Шахиня | страница 32
– Мое предложение приводит вас в замешательство, – прошептал он.
– В самом деле, – ответила Елизавета, немного успокоившись, – я об этом пока не думала.
– О! Вы, надо полагать, шутите, – обронил Бирон с легкой усмешкой. – Вы, умеющая с таким вкусом и достоинством одеваться, не могли не знать, что вашей величавой красоте, дабы обрести абсолютное и всепокоряющее значение, просто необходима горностаевая мантия.
– Но завещание царицы...
– Разве оно стало бы первым, которое отменили, – живо перебил ее регент. – Давайте смотреть на вещи реально. Русский народ ненавидит владычество чужаков, и войска ждут только первого удобного случая, чтобы положить ему конец. Иван Шестой симпатиями не пользуется, а вас, дочь Петра Великого, любят. Все, что для русских есть святого в воспоминаниях, связано с вами, как и все, что сулит лучшее будущее.

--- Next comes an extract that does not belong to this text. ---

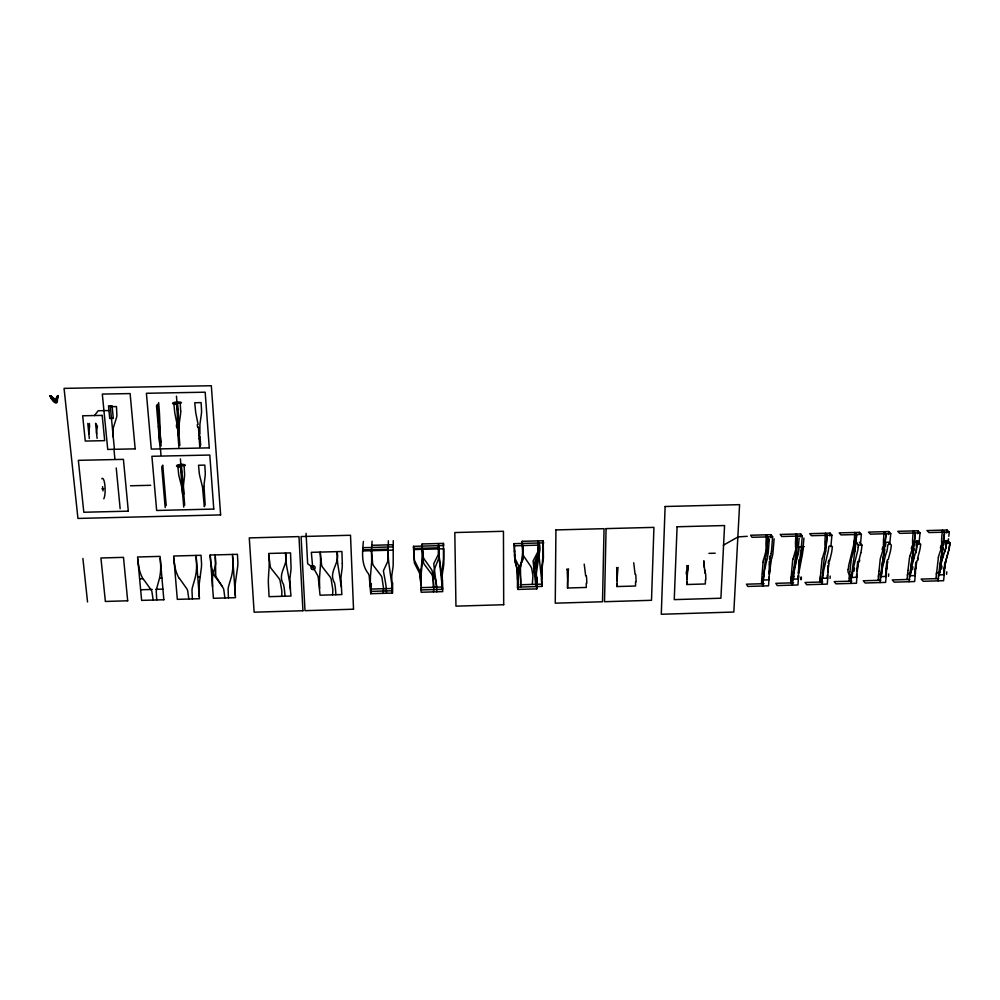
<?xml version="1.0" encoding="UTF-8"?>
<svg xmlns="http://www.w3.org/2000/svg" width="1000" height="1000" viewBox="0 0 1000 1000"><rect width="100%" height="100%" fill="white"/><g stroke="black" fill="none" stroke-linecap="round" stroke-linejoin="round"><path stroke-width="1.5" d="M543.2 559.725A34.288 21.662 -71.6 0 0 543.413 557.675L543.237 540.75L522.238 541.3L522.975 554.263A11.375 10.55 21.5 0 0 523.675 556.075L530.712 566.312A16.962 16.188 14.6 0 1 531.675 568.45L532.938 575.638L532.325 584.412M383.512 588.188L381.938 577.413A17.15 15.85 1.3 0 0 380.9 575.363L373.45 565.6A11.8 10.975 0.4 0 1 372.675 563.825L371.45 550.712L372.088 541.225M543.812 542.863L514.062 543.65L514.663 557.638L519.087 566.763A17.425 16.788 19 0 1 519.738 568.812L520.712 580.487A55.45 3.887 88.4 0 1 520.712 581.725L520.7 587.05L520.487 569.075M523.212 545.55L522.725 559.612L519.1 568.913A19.55 18.2 -42.9 0 0 518.6 570.988L517.925 583.663A53.038 3.625 88.4 0 1 517.938 586.625L517.938 589.425L536.75 588.888L536.663 584.637M517.137 569.812L517.475 581.45A57.038 4.162 88.3 0 0 517.463 584.312L517.463 587.125L541.975 586.425L541.362 578.837M541.962 586.425L541.688 570.712A17.6 5.112 -88.2 0 1 541.85 568.5M567.638 581.213L567.2 569.6M538.387 541.875L538.45 549.25A59.037 43 66.7 0 0 538.85 554.362M536.75 588.888L536.388 573.2L538.337 559.862A32.688 21.713 -69.9 0 0 538.55 557.8L538.938 544.525M538.387 540.875L537.837 551.85L533.1 561.013L535.65 584.312L536.05 568.638M538.913 547.175L538.938 542.987C543.812 555.538 529.575 564.775 535.988 577.188M543.237 540.75L542.95 555.737A15.75 2.938 -85.5 0 1 542.775 557.975L541.775 568.475M567.625 581.7L567.575 587.987L586.287 587.45L586.25 583.2M538.925 544.938C540.875 555.875 529.375 563.837 535.413 574.938M705.425 579.763L705.337 583.975L686.85 584.513L686.938 582.112M768.988 578.975L770.5 557.337M828.213 565.538L827.862 576.462M517.487 579.4L518.325 569.775A19.638 17.438 6.3 0 1 518.888 567.925L522.575 560.037L523.2 551.812M617.087 579.225L617.925 568.188A19.438 17.8 -49 0 1 618.112 567.475M687.125 576.188L686.888 566.237A31.387 30.025 15.4 0 0 686.775 565.538M769.25 572.625L769.3 564.3M798.825 563.475L798.462 577.712M851.888 581.112L834.212 581.625L835.962 583.85L856.488 583.25L857.588 561.812M567.575 587.987L567.6 585.188A52.9 5.438 88.3 0 0 567.625 582.225L568.387 569.575A19.488 18 -46.3 0 1 568.562 568.862M635.575 581.775L635.562 586.013L616.938 586.55L617.013 583.75A52.763 7.225 88.2 0 0 617.075 580.8L617.075 579.763M617.062 580.775L616.75 568.212A31.387 30 24.1 0 0 616.6 567.513M857.525 566.8L857.463 570.1M886.812 562.438L886.312 574.775M442.013 573.525L442.425 587.013M687.35 571.438L688.238 565.5L687.087 577.337M798.75 571.775L800.062 556.525M915.95 562.337L915.387 573.925M538.9 547.55L538.725 552.013A39.562 24.462 73.2 0 1 538.35 555.425L536.325 566.4M945 562.225L944.388 573.088M617 584.138L616.938 586.55M363.387 541.462C362.35 552.325 361.087 564.7 368.45 573.763A17.488 16.15 2.5 0 1 369.175 575.712L370.725 593.713L392.425 593.088L392.675 582.938M828.15 570.938L828.288 565.625M392.425 593.088L391.725 577.05A37.05 34.388 -3.9 0 1 391.863 575.125L393.013 567.038A46.262 42.9 3.5 0 0 393.175 565.025L393.263 540.675M687.1 577.188L687.05 578.75A52.575 9.75 88.1 0 1 686.975 581.725L686.85 584.513M687.087 577.75L687.038 579.362M687.113 576.7L687.175 574.587M388.363 540.8L387.987 560.95L383.387 570.862L385.325 581.538A74.65 68.5 5.1 0 1 386.2 588.288L386.525 593.263M857.575 566.163L857.862 561.375M886.675 569.263L886.95 562.6M769.35 562.087L769.388 561.35M915.8 568.425L915.863 567.163M915.913 565.837L916.062 562.45M798.938 559.788L798.875 561.263A17.35 2.025 -88.8 0 0 798.9 563.45M916.188 552.837L916.45 547.712A15.425 1.225 -86 0 1 916.6 545.5L917.025 540.575M420.9 571.875L421.15 592.25L442.725 591.625L439.613 562.4M944.837 567.6L945.088 562.312M762.95 586L763.538 576.838M941.675 538.362L942.4 530.138L944.587 532.163L942.887 546.688A31.975 14.625 -73.5 0 1 942.487 548.713L939.525 567.125M769.5 559.138L769.688 556.175M793.288 571.938L796 552.75A32.2 17.175 -72.8 0 0 796.287 550.725L797.55 536.087L795.938 534.038L795.5 542.312A58.788 49.275 56.5 0 0 795.638 547.35L796.388 555.413M761.488 583.75L762.087 574.263M769.35 538.962L768.125 553.538A40.287 37.375 5.6 0 1 767.763 555.5L763.825 573.525M769.013 578.562L769.1 577.038M769.325 573.375L771.325 560.15M198.988 586.962L199.025 586.362A87.263 79.837 6.8 0 1 199.237 583.85L201.425 567.212A46.062 41.6 15.3 0 0 201.55 563.75L201.038 555.288L173.663 556.025L177.312 599.35L199.45 598.713L196.05 555.425M763.188 581.95L763.312 580.013L768.938 579.85M767.788 537.875L767.1 545.8A39.188 28.875 69.6 0 1 766.475 549.188L763.512 560.05M770.913 537.663L771.1 534.688L750.612 535.237L752.038 537.3L772.613 536.75L771.488 551.4M768.962 579.4L768.562 585.825L747.837 586.438L746.438 584.188L764.137 583.675M774.125 538.825L772.913 553.4A43.612 40.438 8.5 0 1 772.562 555.363L771.65 558.987M792.513 582.962L793.025 575.988L792.9 577.475M793.25 572.55L793.062 575.262M820.713 572.925L820 582.05M370.725 593.713L371.375 583.55M762.138 573.562L763.088 562.275M790.962 580.337L790.913 581.15M791.012 579.587L791.438 573.775M822.75 570.462L824.562 556.475M790.888 581.562L790.987 579.95M763.425 578.325L765.512 558.112M790.8 582.9L791.2 576.938L793.988 576.862M792.362 585.138L792.537 582.562M792.638 581.087L792.775 579.15L798.375 578.987M799.163 538.162L797.837 552.712A40.35 37.35 2.9 0 1 797.463 554.675L793.337 572.688M799.163 546.788L799 548.9A38.688 35.812 3.2 0 1 798.125 554.438L797.25 557.188M800.45 536.875L800.662 533.913L780.238 534.45L781.775 536.512L802.288 535.962L801.075 550.588M797.788 579.012L798.012 575.837M802.725 546.688L802.537 549.225A51.388 47.438 17.2 0 1 801.787 554.312L799.987 561.95M803.925 538.038L802.675 552.587A55.138 50.9 16.9 0 1 802.35 554.538L798.838 573.1M821.688 584.275L822.375 575.487M822.675 571.712L822.463 574.412M797.412 538.025L796.725 545A39.15 29.425 68.9 0 1 796.075 548.375L792.987 559.225M849.587 575.25L849.325 578.65M886.213 568.875L886.7 562.587M791.488 573.062L792.537 561.45A36.175 25.6 74.6 0 1 792.887 559.163M793.363 579.138L793.612 575.962M820.163 579.888L820.1 580.712M821.85 582.112L821.963 580.588M371.488 564.275L370.513 575.45A99.812 92.638 -7.7 0 0 370.35 580.812L370.475 586.925M886.162 569.525L885.875 573.112M798.6 575.825L797.962 584.963L777.3 585.575L775.788 583.337L793.587 582.812M820.25 578.737L820.45 576.1M829.9 536.087L830.125 533.125L809.762 533.663L811.425 535.712L831.875 535.175L830.913 546.75M822.025 579.888L822.15 578.3L827.725 578.138M827.138 578.162L827.387 575M827.8 577.275L827.275 584.113L806.675 584.712L805.05 582.487L822.788 581.962M850.925 583.413L851.712 574.275M878.65 574.412L878.413 577.413M881.888 569L882.475 562.362M915.362 567.712L915.8 562.425M827 537.225L826.263 544.2A39.125 29.962 68 0 1 825.575 547.562L822.375 558.413M849.412 577.525L849.125 581.2M881.862 569.325L881.275 575.725M915.312 568.362L914.975 572.275M820.738 572.575L821.9 560.625A36.138 26.175 73.9 0 1 822.275 558.35M822.738 578.288L823 575.125M859.362 533.875L859.5 532.35L839.2 532.888L840.975 534.925L861.363 534.388L860.5 544.188M911.062 567.837L911.65 561.538M944.412 566.888L944.775 562.6M849.475 576.825L849.9 572.087M851.263 579.375L851.425 577.45L856.988 577.288M856.562 535.5L855.7 543.4A39.1 30.5 67.1 0 1 854.975 546.763L851.663 557.587M853.962 542.5C853.388 537.6 859.488 544.487 858.188 547.288M856.4 577.312L856.675 574.15M859.362 542.225L861.925 545.075L861.688 547.612A51.638 47.488 9.6 0 1 860.863 552.688M880.263 580.4L880.913 573.438M911.038 568.162L910.675 572.025M421.037 569.612L422.212 558.6A42.462 20.1 77 0 0 422.388 555.175L422.225 543.962L443.45 543.4L443.612 545.538L413.537 546.337L413.562 548.488L438.812 547.812L438.675 545.662M889.338 542.875L889.4 542.2L885.888 542.3M945.738 543.2L945.962 540.7M944.35 567.537L944.237 568.825M849.963 571.388L851.175 559.8M878.15 580.35L878.337 578.2M885.8 543.188L885.462 546.337M889.325 543.1L889.2 544.438M851.737 573.925L854.887 551.125A32.1 16.15 -73.1 0 0 855.2 549.1L856.65 534.513L854.8 532.475L854.25 540.725A58.913 50.5 52.1 0 0 854.338 545.75L854.762 551.312M880.062 582.562L880.3 580M940.2 566.025L941.087 558.15M878.438 577.05L878.988 571.263M880.425 578.525L880.6 576.6L886.15 576.45M885.962 534.712L885.037 542.6A39.075 31.037 66 0 1 884.287 545.962L880.85 556.775A36.075 27.312 72.2 0 0 880.25 558.938L879.025 570.9M888.512 534.525L888.775 531.562L868.538 532.1L870.438 534.138L890.75 533.6L889.737 544.288M885.775 574.225L885.65 575.6M907.087 579.5L907.987 570.425M909.112 581.712L910.025 572.6M940.05 567.663L939.65 571.562M885.575 576.462L885.725 574.788M886.237 575.575L885.612 582.4L865.15 583L863.288 580.775L880.913 580.262M918.575 542.075L918.637 541.4L915.138 541.5M938.662 574.913L938.075 580.862M939.463 567.75L938.525 576.5M944.212 569.1L944.062 570.7M915.05 542.4L914.7 545.538M918.562 542.3L918.337 544.538M880.987 572.737L884.2 550.312A32.062 15.637 -73.3 0 0 884.513 548.3L886.05 533.725L884.1 531.688L883.487 539.925A59.025 51.087 49.4 0 0 883.512 544.95M881.188 576.587L881.25 575.925M881.225 576.263L881.338 575.1M885.763 574.4L885.875 573.312M944.175 569.587L944.1 570.325M907.463 575.487L907.663 573.575L910.413 573.5M915.275 533.925L913.763 547.487A32.013 15.2 -73.4 0 1 913.438 549.513L910.062 572.25M917.675 533.737L917.962 530.788L897.788 531.325L899.8 533.362L920.05 532.825L918.863 544.35M935.925 578.663L938.413 557.35M848.175 569.288C846.513 572.95 853.012 580.812 852.3 574.275M909.538 577.337L909.7 575.763L915.225 575.6L915.35 574.325M914.65 575.612L914.975 572.463M915.225 575.6L914.638 581.55L894.237 582.15L892.275 579.938L909.837 579.425M939.325 574.462L939.65 571.725A52.938 20.425 86.6 0 1 940.025 569.038L941.5 561.613M947.725 541.287L947.788 540.612L944.3 540.712L946.488 542.775L950 542.675L947.788 540.612M584.2 564.138L585.662 575.775M798.25 573.112L799.587 563.85M828.5 562.2L828.737 560.212M881.312 575.312L881.513 573.438M915.188 534.862L914.287 541.812A39.062 31.55 64.7 0 1 913.512 545.163L909.95 555.962M914.737 574.75L914.85 573.562M944.212 541.6L943.825 544.75M947.7 541.512L947.487 543.513M910.275 575.75L910.35 575.087M938.213 579.525L938.288 578.7M939.9 569.338L939.7 571.188M943.737 573.75L944.05 570.812M908.025 570.075L909.425 558.162A36.062 27.875 71.2 0 1 909.862 555.913M910.312 575.413L910.413 574.425M946.737 532.962L947.05 530.025L926.95 530.55L929.075 532.575L949.262 532.038L948.812 536.325M946.488 542.775L945.725 548.025M633.725 562.762L635.075 574.362M910.362 574.875L910.625 572.4M936.375 574.312L936.538 572.737L939.287 572.663M944.488 533.15L943.45 541.013A39.062 32.05 63.3 0 1 942.638 544.362L938.962 555.15A36.037 28.425 70.1 0 0 938.325 557.312M943.662 574.45L943.763 573.5M943.938 571.987L943.863 572.55M944.3 573.9L943.587 580.7L923.25 581.287L921.162 579.087L938.675 578.575M949.963 543L948.612 550.887M910.512 573.513L910.625 572.6M946.4 543.65L946.263 544.875A39.175 35.5 -8.1 0 1 945.275 549.837L944.775 551.413M948.55 538.737L947.987 543.55M793.938 572.663L796.9 558.362M827.65 572.275L829.087 563.025M949.875 543.8L949.762 544.775M939.375 574.038L939.613 571.938M520.7 566.838L522.288 555.862A42.263 22.45 76.5 0 0 522.575 552.45L522.238 541.3M856.963 571.425L858.5 562.188M939.513 572.85L939.638 571.763M823.363 571.825L827.65 553.6A38.763 35.763 0.7 0 0 828.675 548.088C827.763 544.65 833.913 544.987 832.163 548.413A51.5 47.475 14.2 0 1 831.388 553.5L829.513 561.125M848.55 566.025L852.95 547.962A38.462 35.425 -1.5 0 0 854 542.513M886.175 570.588L887.812 561.362M543.237 559.725L541.838 569.587L541.838 578.488M852.688 570.988L857.163 552.788A38.837 35.712 -1.5 0 0 858.225 547.288M915.3 569.75L917.038 560.538M881.925 570.15L885.512 555.312M944.338 568.925L944.538 567.65M433.25 587.275L433.6 577.762L432.25 571.237A17.062 16.163 24.1 0 0 431.238 569.087L424.012 558.8A11.438 10.475 29.2 0 1 423.263 556.987L422.4 549.338L423.45 562.425A11.738 10.95 -4.3 0 0 424.2 564.2L431.488 573.938A17.05 15.812 -2.9 0 1 432.488 575.988L433.925 586.725A44.45 41.112 -0.7 0 1 433.475 591.888M911.062 569.312L915.888 551.163M944.375 568.612L945.75 561.462M940.025 569.05L940.212 567.9M88.875 430.538L89.275 428.488A13.55 12.275 26 0 0 89.562 425.712L89.312 423.438M771.2 553.438L770.738 556.05M882.962 558.837L884.887 549.637M944.587 567.325L945.05 564.763M912.15 558.013L913.7 550.562M941.237 557.2L942.638 550.538M940.413 566.712L940.763 564.888M800.3 555.237L800.775 552.625A33.788 16.712 -74 0 0 801.012 550.6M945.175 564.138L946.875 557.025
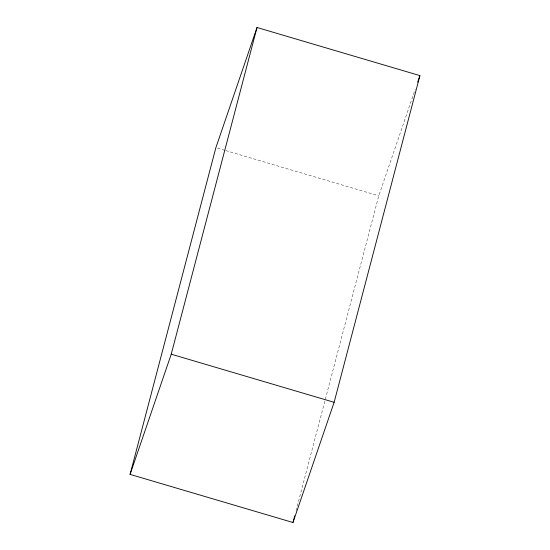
<?xml version="1.0" encoding="UTF-8"?>
<svg xmlns="http://www.w3.org/2000/svg" width="550" height="550" viewBox="0 0 550 550"><rect width="100%" height="100%" fill="white"/><g stroke="black" fill="none" stroke-linecap="round" stroke-linejoin="round"><path stroke-width="0.41" stroke-dasharray="2.75 2.06" d="M296.024 510.888L378.764 195.8L415.188 89.416M217.518 148.177L224.923 150.363M225.748 150.604L378.764 195.8"/><path stroke-width="0.82" d="M130.082 474.389L215.875 147.689L257.022 27.5L419.918 75.611L334.125 402.311L292.978 522.5L130.082 474.389L171.236 354.2L257.022 27.5M292.978 522.5L294.718 515.866M417.691 82.108L419.918 75.611M171.236 354.2L334.125 402.311"/></g></svg>

– Вы приобретете сердца, я – могущество, кто тогда сможет противостоять нам, если мы объединимся? Итак, я еще раз предлагаю вам трон, а сам удовольствуюсь тем, что буду вашим первым слугой.
– Бирон, привыкший повелевать, может оказаться способным перед кем-то склониться? – не без иронии заметила Елизавета.
– Ни перед кем, кроме вас, – ответил регент.
– А награду, какую вы потребуете для себя награду, герцог?
– Моей наградой были бы вы, – воскликнул Бирон.
Елизавета опустила глаза, казалось, она размышляет.
– Я не собираюсь делить с вами власть, – продолжал герцог, – роль, какую я играл рядом с императрицей Анной, была лишь справедливой компенсацией за безрадостное существование рядом с больной, слабой и нелюбезной особой. Вы же такая женщина, которая может одарить высшим блаженством, поэтому стать вашим рабом гораздо соблазнительнее, нежели быть повелителем какой-нибудь Анны. Я хочу владеть вами со всеми священными правами супруга, чтобы в качестве вашего мужа постоянно оставаться лишь самым преданным из ваших подданных. Теперь, великая княжна, вы знаете, чего я от вас за это требую. Решайтесь же!
Елизавета подняла на Бирона глаза и долго, не говоря ни слова, смотрела на него. Она сознавала, что герцог был таким мужчиной, какого она могла полюбить, красивым мужчиной, сила и энергия которого ей импонировали и дьявольская жестокость которого возбуждала ее сладострастие. В это мгновение она не думала ни о Шубине, ни о Лёвенвольде, еще меньше того о Шувалове, она думала лишь о себе. Она знала, что достойна была носить горностаевую мантию, она ощущала в себе от природы данную силу, которой покоряются люди, которая может подчинять себе целые народы, но именно по этой причине она хотела властвовать безраздельно.